Matthew Gregson, now deceased, for many years a prominent miller of Mower county, was a man of upright and honest dealing, one in whose integrity and honor his fellow citizens had the most implicit trust. He was born in Lancashire, England, in November, 1838. In 1856, accompanied by his sister, he crossed the ocean and located for a few years in Illinois with a sister, who had previously taken up her residence there.

He next went to Minnesota, and lived for a short time in Freeborn county, but having reached the county during a rainy season he was unfavorably impressed with the weather, and returned to Illinois. Later he went to Kansas, to Pike's Peak and to Missouri. Then he went south, and enlisted at Vicksburg in the Confederate army, serving under Bragg, Beauregard, Johnson and others. When Rosecrans was advancing on Tellehoma, Tenn., Mr. Gregson refused to retreat with his regiment, and was captured by Union troops belonging to McCook's corps.

He remained a prisoner four months, and was then paroled in November, 1863. In the spring of 1864 lie returned to Mower county and engaged with his brother in the milling business south of Austin. He remained in this concern until 1869 or 1870, when he engaged for a short time in the mercantile business in Austin.

The next spring he leased the Austin mill and operated it until his removal to Ramsey. In 1872 he erected the Ramsey mill and remained its owner and proprietor until the time of his death, in October, 1900. The subject of this sketch was married January 3, 1866, to Sarah G. Otter, who was born in Madison, Ind., in 1839. This marriage resulted in eight children: Louisa, Anna, George, Wallace, Clara and William. Mary and Frank are deceased. The mother of this family died September 15, 1882.




Wallace Gregson

b: 1871

Wallace Gregson, of Austin, who makes a business of electrical construction and supplies, was born in Austin on September 23, 1871, fourth child of Matthew and Sarah Gregson. After his father's death he continued to operate the Ramsey mill for a time and then disposed of his interests to J. H. Meyer & Brother, the former being now the sole proprietor and owner of the mill which now has a capacity of seventy barrels a day.

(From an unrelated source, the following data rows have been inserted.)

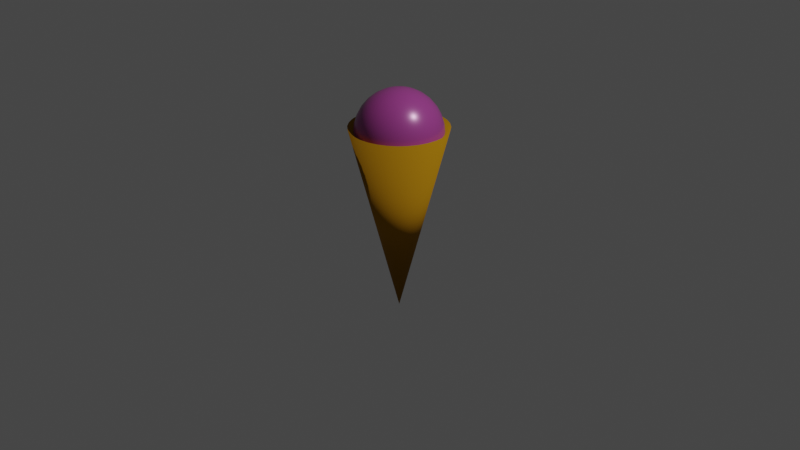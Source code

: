 # Source: icecream.blend  (saved by Blender 2.83.19; exported with 4.5.12 LTS)
import bpy
from mathutils import Matrix  # noqa: F401  (used for matrix-valued properties, if any)

bpy.ops.wm.read_factory_settings(use_empty=True)
scene = bpy.context.scene
scene.name = 'Scene'

# ---- collections
col_collection = bpy.data.collections.new('Collection'); scene.collection.children.link(col_collection)

# ---- materials (node trees are filled in below, after node groups)
mat_x = bpy.data.materials.new('材质')
mat_x.use_transparent_shadow = False
mat_ball = bpy.data.materials.new('ball')
mat_ball.use_transparent_shadow = False

# ---- material node trees
mat_x.use_nodes = True; mat_x.node_tree.nodes.clear()
_N = mat_x.node_tree.nodes; _L = mat_x.node_tree.links
n0 = _N.new('ShaderNodeBsdfPrincipled'); n0.name = 'Principled BSDF'; n0.location = (10, 300)
n0.distribution = 'GGX'
n0.subsurface_method = 'BURLEY'
n0.inputs[0].default_value = (0.3763, 0.1759, 0.002628, 1.0)
n0.inputs[2].default_value = 0.9
n0.inputs[3].default_value = 1.45
n0.inputs[13].default_value = 0.1
n0.inputs[27].default_value = (0.0, 0.0, 0.0, 1.0)
n0.inputs[28].default_value = 1.0
n1 = _N.new('ShaderNodeOutputMaterial'); n1.name = 'Material Output'; n1.location = (300, 300)
_L.new(n0.outputs[0], n1.inputs[0])
n1.is_active_output = True
mat_ball.use_nodes = True; mat_ball.node_tree.nodes.clear()
_N = mat_ball.node_tree.nodes; _L = mat_ball.node_tree.links
n0 = _N.new('ShaderNodeBsdfPrincipled'); n0.name = 'Principled BSDF'; n0.location = (10, 300)
n0.distribution = 'GGX'
n0.subsurface_method = 'BURLEY'
n0.inputs[0].default_value = (0.3428, 0.05235, 0.2644, 1.0)
n0.inputs[1].default_value = 0.1
n0.inputs[2].default_value = 0.3
n0.inputs[3].default_value = 1.45
n0.inputs[27].default_value = (0.0, 0.0, 0.0, 1.0)
n0.inputs[28].default_value = 1.0
n1 = _N.new('ShaderNodeOutputMaterial'); n1.name = 'Material Output'; n1.location = (300, 300)
_L.new(n0.outputs[0], n1.inputs[0])
n1.is_active_output = True

# ---- world
world_world = bpy.data.worlds.new('World'); scene.world = world_world
world_world.use_nodes = True; world_world.node_tree.nodes.clear()
_N = world_world.node_tree.nodes; _L = world_world.node_tree.links
n0 = _N.new('ShaderNodeOutputWorld'); n0.name = 'World Output'; n0.location = (300, 300)
n1 = _N.new('ShaderNodeBackground'); n1.name = 'Background'; n1.location = (10, 300)
n1.inputs[0].default_value = (0.05088, 0.05088, 0.05088, 1.0)
_L.new(n1.outputs[0], n0.inputs[0])
n0.is_active_output = True
world_world.color = (0.05088, 0.05088, 0.05088)
world_world.use_sun_shadow = False
world_world.sun_shadow_jitter_overblur = 0.0

# ---- cameras
cam_camera = bpy.data.cameras.new('Camera')
cam_camera.clip_end = 100.0
cam_camera.ortho_scale = 7.314

# ---- lights
light_light = bpy.data.lights.new('Light', 'POINT')
light_light.transmission_factor = 0.0
light_light.energy = 1000.0
light_light.shadow_soft_size = 0.1
light_light.shadow_maximum_resolution = 0.006
light_light.use_absolute_resolution = True

# ---- meshes
me_x = bpy.data.meshes.new('锥体')
me_x.from_pydata([(-1.168e-08, -0.4076, 0.9121), (0.07952, -0.3998, 0.9121), (0.156, -0.3766, 0.9121), (0.2265, -0.3389, 0.9121), (0.2882, -0.2882, 0.9121), (0.3389, -0.2265, 0.9121), (0.3766, -0.156, 0.9121), (0.3998, -0.07952, 0.9121), (0.4076, -1.33e-07, 0.9121), (0.3998, 0.07952, 0.9121), (0.3766, 0.156, 0.9121), (0.3389, 0.2265, 0.9121), (0.2882, 0.2882, 0.9121), (0.2265, 0.3389, 0.9121), (0.156, 0.3766, 0.9121), (0.07952, 0.3998, 0.9121), (-1.315e-07, 0.4076, 0.9121), (-0.07952, 0.3998, 0.9121), (-0.156, 0.3766, 0.9121), (-0.2265, 0.3389, 0.9121), (-0.2882, 0.2882, 0.9121), (-0.3389, 0.2265, 0.9121), (-0.3766, 0.156, 0.9121), (0.0, 8.742e-08, -1.0), (-0.3998, 0.07952, 0.9121), (-0.4076, -5.005e-07, 0.9121), (-0.3998, -0.07952, 0.9121), (-0.3766, -0.156, 0.9121), (-0.3389, -0.2265, 0.9121), (-0.2882, -0.2882, 0.9121), (-0.2265, -0.3389, 0.9121), (-0.156, -0.3766, 0.9121), (-0.07952, -0.3998, 0.9121), (0.0, -0.507, 1.0), (0.09891, -0.4972, 1.0), (0.194, -0.4684, 1.0), (0.2817, -0.4215, 1.0), (0.3585, -0.3585, 1.0), (0.4215, -0.2817, 1.0), (0.4684, -0.194, 1.0), (0.4972, -0.09891, 1.0), (0.507, -1.257e-07, 1.0), (0.4972, 0.09891, 1.0), (0.4684, 0.194, 1.0), (0.4215, 0.2817, 1.0), (0.3585, 0.3585, 1.0), (0.2817, 0.4215, 1.0), (0.194, 0.4684, 1.0), (0.09891, 0.4972, 1.0), (-1.652e-07, 0.507, 1.0), (-0.09891, 0.4972, 1.0), (-0.194, 0.4684, 1.0), (-0.2817, 0.4215, 1.0), (-0.3585, 0.3585, 1.0), (-0.4215, 0.2817, 1.0), (-0.4684, 0.194, 1.0), (-0.4972, 0.09891, 1.0), (-0.507, -5.77e-07, 1.0), (-0.4972, -0.09891, 1.0), (-0.4684, -0.194, 1.0), (-0.4215, -0.2817, 1.0), (-0.3585, -0.3585, 1.0), (-0.2817, -0.4215, 1.0), (-0.194, -0.4684, 1.0), (-0.09891, -0.4972, 1.0), (0.0, 0.08779, 1.378), (0.0, 0.1722, 1.353), (0.0, 0.25, 1.311), (0.0, 0.3182, 1.255), (0.0, 0.3742, 1.187), (0.0, 0.4157, 1.109), (0.0, 0.4414, 1.025), (0.0, 0.45, 0.9368), (0.01713, 0.0861, 1.378), (0.0336, 0.1689, 1.353), (0.04877, 0.2452, 1.311), (0.06208, 0.3121, 1.255), (0.073, 0.367, 1.187), (0.08111, 0.4078, 1.109), (0.0861, 0.4329, 1.025), (0.08779, 0.4414, 0.9368), (0.0336, 0.08111, 1.378), (0.0659, 0.1591, 1.353), (0.09567, 0.231, 1.311), (0.1218, 0.294, 1.255), (0.1432, 0.3457, 1.187), (0.1591, 0.3841, 1.109), (0.1689, 0.4078, 1.025), (0.1722, 0.4157, 0.9368), (0.04877, 0.073, 1.378), (0.09567, 0.1432, 1.353), (0.1389, 0.2079, 1.311), (0.1768, 0.2646, 1.255), (0.2079, 0.3111, 1.187), (0.231, 0.3457, 1.109), (0.2452, 0.367, 1.025), (0.25, 0.3742, 0.9368), (0.06208, 0.06208, 1.378), (0.1218, 0.1218, 1.353), (0.1768, 0.1768, 1.311), (0.225, 0.225, 1.255), (0.2646, 0.2646, 1.187), (0.294, 0.294, 1.109), (0.3121, 0.3121, 1.025), (0.3182, 0.3182, 0.9368), (0.073, 0.04877, 1.378), (0.1432, 0.09567, 1.353), (0.2079, 0.1389, 1.311), (0.2646, 0.1768, 1.255), (0.3111, 0.2079, 1.187), (0.3457, 0.231, 1.109), (0.367, 0.2452, 1.025), (0.3742, 0.25, 0.9368), (0.08111, 0.0336, 1.378), (0.1591, 0.0659, 1.353), (0.231, 0.09567, 1.311), (0.294, 0.1218, 1.255), (0.3457, 0.1432, 1.187), (0.3841, 0.1591, 1.109), (0.4078, 0.1689, 1.025), (0.4157, 0.1722, 0.9368), (0.0861, 0.01713, 1.378), (0.1689, 0.0336, 1.353), (0.2452, 0.04877, 1.311), (0.3121, 0.06208, 1.255), (0.367, 0.073, 1.187), (0.4078, 0.08111, 1.109), (0.4329, 0.0861, 1.025), (0.4414, 0.08779, 0.9368), (0.08779, -1.47e-07, 1.378), (0.1722, -1.436e-07, 1.353), (0.25, -1.403e-07, 1.311), (0.3182, -1.436e-07, 1.255), (0.3742, -1.503e-07, 1.187), (0.4157, -1.235e-07, 1.109), (0.4414, -1.772e-07, 1.025), (0.45, -1.705e-07, 0.9368), (0.0861, -0.01713, 1.378), (0.1689, -0.0336, 1.353), (0.2452, -0.04877, 1.311), (0.3121, -0.06208, 1.255), (0.367, -0.073, 1.187), (0.4078, -0.08111, 1.109), (0.4329, -0.0861, 1.025), (0.4414, -0.08779, 0.9368), (0.08111, -0.0336, 1.378), (0.1591, -0.0659, 1.353), (0.231, -0.09567, 1.311), (0.294, -0.1218, 1.255), (0.3457, -0.1432, 1.187), (0.3841, -0.1591, 1.109), (0.4078, -0.1689, 1.025), (0.4157, -0.1722, 0.9368), (0.073, -0.04877, 1.378), (0.1432, -0.09567, 1.353), (0.2079, -0.1389, 1.311), (0.2646, -0.1768, 1.255), (0.3111, -0.2079, 1.187), (0.3457, -0.231, 1.109), (0.367, -0.2452, 1.025), (0.3742, -0.25, 0.9368), (0.06208, -0.06208, 1.378), (0.1218, -0.1218, 1.353), (0.1768, -0.1768, 1.311), (0.225, -0.225, 1.255), (0.2646, -0.2646, 1.187), (0.294, -0.294, 1.109), (0.3121, -0.3121, 1.025), (0.3182, -0.3182, 0.9368), (0.04877, -0.073, 1.378), (0.09567, -0.1432, 1.353), (0.1389, -0.2079, 1.311), (0.1768, -0.2646, 1.255), (0.2079, -0.3111, 1.187), (0.231, -0.3457, 1.109), (0.2452, -0.367, 1.025), (0.25, -0.3742, 0.9368), (0.0336, -0.08111, 1.378), (0.0659, -0.1591, 1.353), (0.09567, -0.231, 1.311), (0.1218, -0.294, 1.255), (0.1432, -0.3457, 1.187), (0.1591, -0.3841, 1.109), (0.1689, -0.4078, 1.025), (0.1722, -0.4157, 0.9368), (0.01713, -0.0861, 1.378), (0.0336, -0.1689, 1.353), (0.04877, -0.2452, 1.311), (0.06208, -0.3121, 1.255), (0.073, -0.367, 1.187), (0.08111, -0.4078, 1.109), (0.0861, -0.4329, 1.025), (0.08779, -0.4414, 0.9368), (-3.245e-09, -0.08779, 1.378), (1.855e-08, -0.1722, 1.353), (1.184e-08, -0.25, 1.311), (-1.163e-08, -0.3182, 1.255), (-3.845e-08, -0.3742, 1.187), (2.861e-08, -0.4157, 1.109), (-3.845e-08, -0.4414, 1.025), (-4.515e-08, -0.45, 0.9368), (-0.01713, -0.0861, 1.378), (-0.0336, -0.1689, 1.353), (-0.04877, -0.2452, 1.311), (-0.06208, -0.3121, 1.255), (-0.073, -0.367, 1.187), (-0.08111, -0.4078, 1.109), (-0.0861, -0.4329, 1.025), (-0.08779, -0.4414, 0.9368), (-0.0336, -0.08111, 1.378), (-0.0659, -0.1591, 1.353), (-0.09567, -0.231, 1.311), (-0.1218, -0.294, 1.255), (-0.1432, -0.3457, 1.187), (-0.1591, -0.3841, 1.109), (-0.1689, -0.4078, 1.025), (-0.1722, -0.4157, 0.9368), (-0.04877, -0.073, 1.378), (-0.09567, -0.1432, 1.353), (-0.1389, -0.2079, 1.311), (-0.1768, -0.2646, 1.255), (-0.2079, -0.3111, 1.187), (-0.231, -0.3457, 1.109), (-0.2452, -0.367, 1.025), (-0.25, -0.3742, 0.9368), (-1.037e-07, -2.503e-07, 1.387), (-0.06208, -0.06208, 1.378), (-0.1218, -0.1218, 1.353), (-0.1768, -0.1768, 1.311), (-0.225, -0.225, 1.255), (-0.2646, -0.2646, 1.187), (-0.294, -0.294, 1.109), (-0.3121, -0.3121, 1.025), (-0.3182, -0.3182, 0.9368), (-0.073, -0.04877, 1.378), (-0.1432, -0.09567, 1.353), (-0.2079, -0.1389, 1.311), (-0.2646, -0.1768, 1.255), (-0.3111, -0.2079, 1.187), (-0.3457, -0.231, 1.109), (-0.367, -0.2452, 1.025), (-0.3742, -0.25, 0.9368), (-0.08111, -0.0336, 1.378), (-0.1591, -0.0659, 1.353), (-0.231, -0.09567, 1.311), (-0.294, -0.1218, 1.255), (-0.3457, -0.1432, 1.187), (-0.3841, -0.1591, 1.109), (-0.4078, -0.1689, 1.025), (-0.4157, -0.1722, 0.9368), (-0.0861, -0.01713, 1.378), (-0.1689, -0.0336, 1.353), (-0.2452, -0.04877, 1.311), (-0.3121, -0.06208, 1.255), (-0.367, -0.073, 1.187), (-0.4078, -0.08111, 1.109), (-0.4329, -0.0861, 1.025), (-0.4414, -0.08779, 0.9368), (-0.08779, -1.403e-07, 1.378), (-0.1722, -1.269e-07, 1.353), (-0.25, -1.269e-07, 1.311), (-0.3182, -8.328e-08, 1.255), (-0.3742, -6.317e-08, 1.187), (-0.4157, -1.436e-07, 1.109), (-0.4414, -4.305e-08, 1.025), (-0.45, -6.317e-08, 0.9368), (-0.0861, 0.01713, 1.378), (-0.1689, 0.0336, 1.353), (-0.2452, 0.04877, 1.311), (-0.3121, 0.06208, 1.255), (-0.367, 0.073, 1.187), (-0.4078, 0.08111, 1.109), (-0.4329, 0.0861, 1.025), (-0.4414, 0.08779, 0.9368), (-0.08111, 0.0336, 1.378), (-0.1591, 0.0659, 1.353), (-0.231, 0.09567, 1.311), (-0.294, 0.1218, 1.255), (-0.3457, 0.1432, 1.187), (-0.3841, 0.1591, 1.109), (-0.4078, 0.1689, 1.025), (-0.4157, 0.1722, 0.9368), (-0.073, 0.04877, 1.378), (-0.1432, 0.09567, 1.353), (-0.2079, 0.1389, 1.311), (-0.2646, 0.1768, 1.255), (-0.3111, 0.2079, 1.187), (-0.3457, 0.231, 1.109), (-0.367, 0.2452, 1.025), (-0.3742, 0.25, 0.9368), (-0.06208, 0.06208, 1.378), (-0.1218, 0.1218, 1.353), (-0.1768, 0.1768, 1.311), (-0.225, 0.225, 1.255), (-0.2646, 0.2646, 1.187), (-0.294, 0.294, 1.109), (-0.3121, 0.3121, 1.025), (-0.3182, 0.3182, 0.9368), (-0.04877, 0.073, 1.378), (-0.09567, 0.1432, 1.353), (-0.1389, 0.2079, 1.311), (-0.1768, 0.2646, 1.255), (-0.2079, 0.3111, 1.187), (-0.231, 0.3457, 1.109), (-0.2452, 0.367, 1.025), (-0.25, 0.3742, 0.9368), (-0.0336, 0.08111, 1.378), (-0.0659, 0.1591, 1.353), (-0.09567, 0.231, 1.311), (-0.1218, 0.294, 1.255), (-0.1432, 0.3457, 1.187), (-0.1591, 0.3841, 1.109), (-0.1689, 0.4078, 1.025), (-0.1722, 0.4157, 0.9368), (-0.01713, 0.0861, 1.378), (-0.0336, 0.1689, 1.353), (-0.04877, 0.2452, 1.311), (-0.06208, 0.3121, 1.255), (-0.073, 0.367, 1.187), (-0.08111, 0.4078, 1.109), (-0.0861, 0.4329, 1.025), (-0.08779, 0.4414, 0.9368)], [], [(33, 23, 34), (34, 23, 35), (35, 23, 36), (36, 23, 37), (37, 23, 38), (38, 23, 39), (39, 23, 40), (40, 23, 41), (41, 23, 42), (42, 23, 43), (43, 23, 44), (44, 23, 45), (45, 23, 46), (46, 23, 47), (47, 23, 48), (48, 23, 49), (49, 23, 50), (50, 23, 51), (51, 23, 52), (52, 23, 53), (53, 23, 54), (54, 23, 55), (55, 23, 56), (56, 23, 57), (57, 23, 58), (58, 23, 59), (59, 23, 60), (60, 23, 61), (61, 23, 62), (62, 23, 63), (63, 23, 64), (64, 23, 33), (0, 1, 2, 3, 4, 5, 6, 7, 8, 9, 10, 11, 12, 13, 14, 15, 16, 17, 18, 19, 20, 21, 22, 24, 25, 26, 27, 28, 29, 30, 31, 32), (1, 0, 33, 34), (2, 1, 34, 35), (3, 2, 35, 36), (4, 3, 36, 37), (5, 4, 37, 38), (6, 5, 38, 39), (7, 6, 39, 40), (8, 7, 40, 41), (9, 8, 41, 42), (10, 9, 42, 43), (11, 10, 43, 44), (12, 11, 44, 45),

Mr. Gregson then took up his present-business. He married Edna G. Carll, daughter of Freeman A. and Eliza E. Carll, and they have two children, Doris and Wallace C. Mr. Gregson is a member of the Masonic order, belonging to the Blue Lodge, Chapter and Commandery and Eastern Star. Mrs. Gregson is a member of the Eastern Star.




Luther N. Griffith

b: 1824

Luther N. Griffith, better known as “Squire Griffith,” is one of the venerable figures of Mower county. He came here with the early settlers and has lived through the greater part of the stirring events which have gone to make up Mower county history. Although well past the four score mark, he is still hale and hearty and venerated alike by old and young.

He was born in Pike, Allegany county, New York, November 18, 1824, son of Ebenezer Griffith, a pioneer, sheriff and hotel keeper of Ohio. L. N. received a good education in public and select schools, farmed a while and then engaged in the hotel business in Elyria, Ohio.

In 1856 he came west to Chatfield, Minnesota, and on July 1, 1856, came to Austin, and with J. L. Davidson and L. S. Morgan, purchased eighty acres, a part of which was laid out. Mr. Griffith was successively saw mill man, postmaster and justice of the peace in the pioneer years. From 1872 to 1882 he was again justice of the peace. He was also a councilman, and city recorder in the early days.

The most of his time, however, has been spent on his 200- acre farm in Lansing township, which he now rents, his home being in the city. Mr. Griffith was married July 13, 1849, at Grass Lake, Michigan, to Triphena Austin, daughter of James Austin and Tamer Chapin, both now deceased.

This union has been blessed with two children: Edward James, who was born in Austin, August 31, 1861, and Ella L., who was born May 31, 1850, and died June 25, 1869. Edward J. conducts the home farm. He married Jessie Simpson, and has two children: Lloyd N., and Leah Triphena. Squire Griffith has been a life-long Democrat.